Abstract - A Generalized Approach to Portfolio Optimization: Improving Performance by Constraining Portfolio Norms

We provide a general framework for finding portfolios that perform well out-of-sample in the presence of estimation error. This framework relies on solving the traditional minimum-variance problem but subject to the additional constraint that the norm of the portfolio-weight vector be smaller than a given threshold. We show that our framework nests as special cases the shrinkage approaches of Jagannathan and Ma (2003) and Ledoit and Wolf (2003, 2004), and the 1/N portfolio studied in DeMiguel, Garlappi, and Uppal (2007).
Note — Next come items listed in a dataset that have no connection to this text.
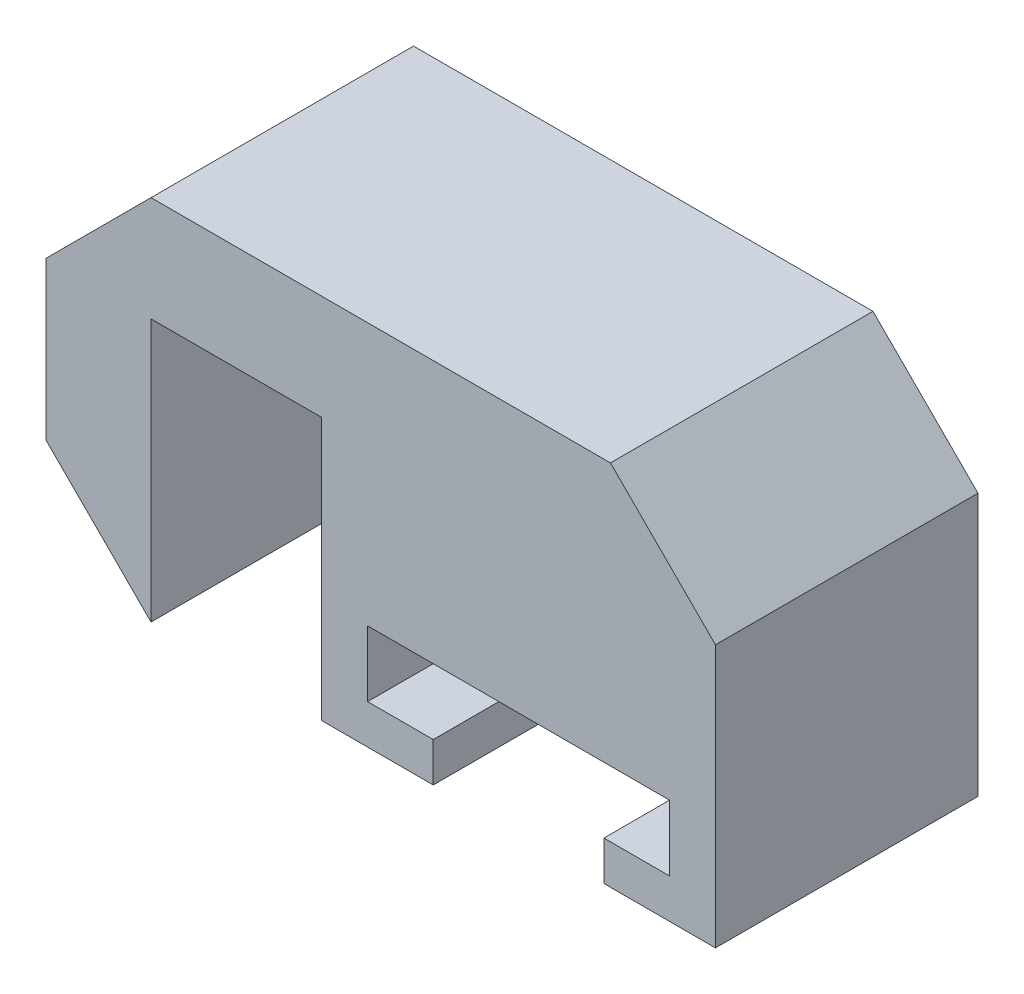
SolidWorks part; units mm, degrees
ref_plane "Front Plane" through (0, 0, 0) normal (0, 0, 1) x (1, 0, 0)
ref_plane "Top Plane" through (0, 0, 0) normal (0, 1, 0) x (1, 0, 0)
ref_plane "Right Plane" through (0, 0, 0) normal (1, 0, 0) x (0, 0, -1)
sketch "Sketch1" plane through (0, 0, 0) normal (0, 0, 1) x (1, 0, 0)
  line L0 (0, 0) -> (15, 0)
  line L1 (15, 0) -> (15, 14)
  line L2 (15, 14) -> (-10.5, 14)
  line L3 (-10.5, 14) -> (-10.5, 0)
  line L4 (-10.5, 0) -> (-6.5, 0)
  line L5 (-6.5, 0) -> (-6.5, 10)
  line L6 (-6.5, 10) -> (0, 10)
  line L7 (0, 10) -> (0, 0)
  dimension "D1" = 15
  dimension "D2" = 6.5
  dimension "D3" = 4
  dimension "D4" = 10
  dimension "D5" = 4
extrude "Boss-Extrude1" add sketch "Sketch1" along normal blind 10
chamfer "Chamfer1" distance 4 angle 45 3 edges at (-10.5, 14, 5) (15, 14, 5) (-10.5, 0, 5)
sketch "Sketch2" plane through (0, 0, 10) normal (0, 0, 1) x (1, 0, 0)
  line L0 (4.25, 0) -> (4.25, 1.5)
  line L1 (0, 0) -> (15, 0) construction
  line L2 (4.25, 1.5) -> (1.75, 1.5)
  line L3 (1.75, 1.5) -> (1.75, 4)
  line L4 (1.75, 4) -> (13.25, 4)
  line L5 (13.25, 4) -> (13.25, 1.5)
  line L6 (13.25, 1.5) -> (10.75, 1.5)
  line L7 (10.75, 1.5) -> (10.75, 0)
  line L8 (10.75, 0) -> (4.25, 0)
  line L9 (7.5, 4) -> (7.5, 0) construction
  dimension "D1" = 6.5
  dimension "D2" = 1.5
  dimension "D3" = 2.5
  dimension "D4" = 2.5
extrude "Cut-Extrude1" cut sketch "Sketch2" against normal through all

We also use our framework to propose several new portfolio strategies. For the proposed portfolios, we provide a momentshrinkage interpretation and a Bayesian interpretation where the investor has a prior belief on portfolio weights rather than on moments of asset returns. Finally, we compare empirically the out-of-sample performance of the new portfolios we propose to ten strategies in the literature across five datasets. We find that the norm-constrained portfolios often have a higher Sharpe ratio than the portfolio strategies in Jagannathan and Ma (2003), Ledoit and Wolf (2003, 2004), the 1/N portfolio, and other strategies in the literature, such as factor portfolios.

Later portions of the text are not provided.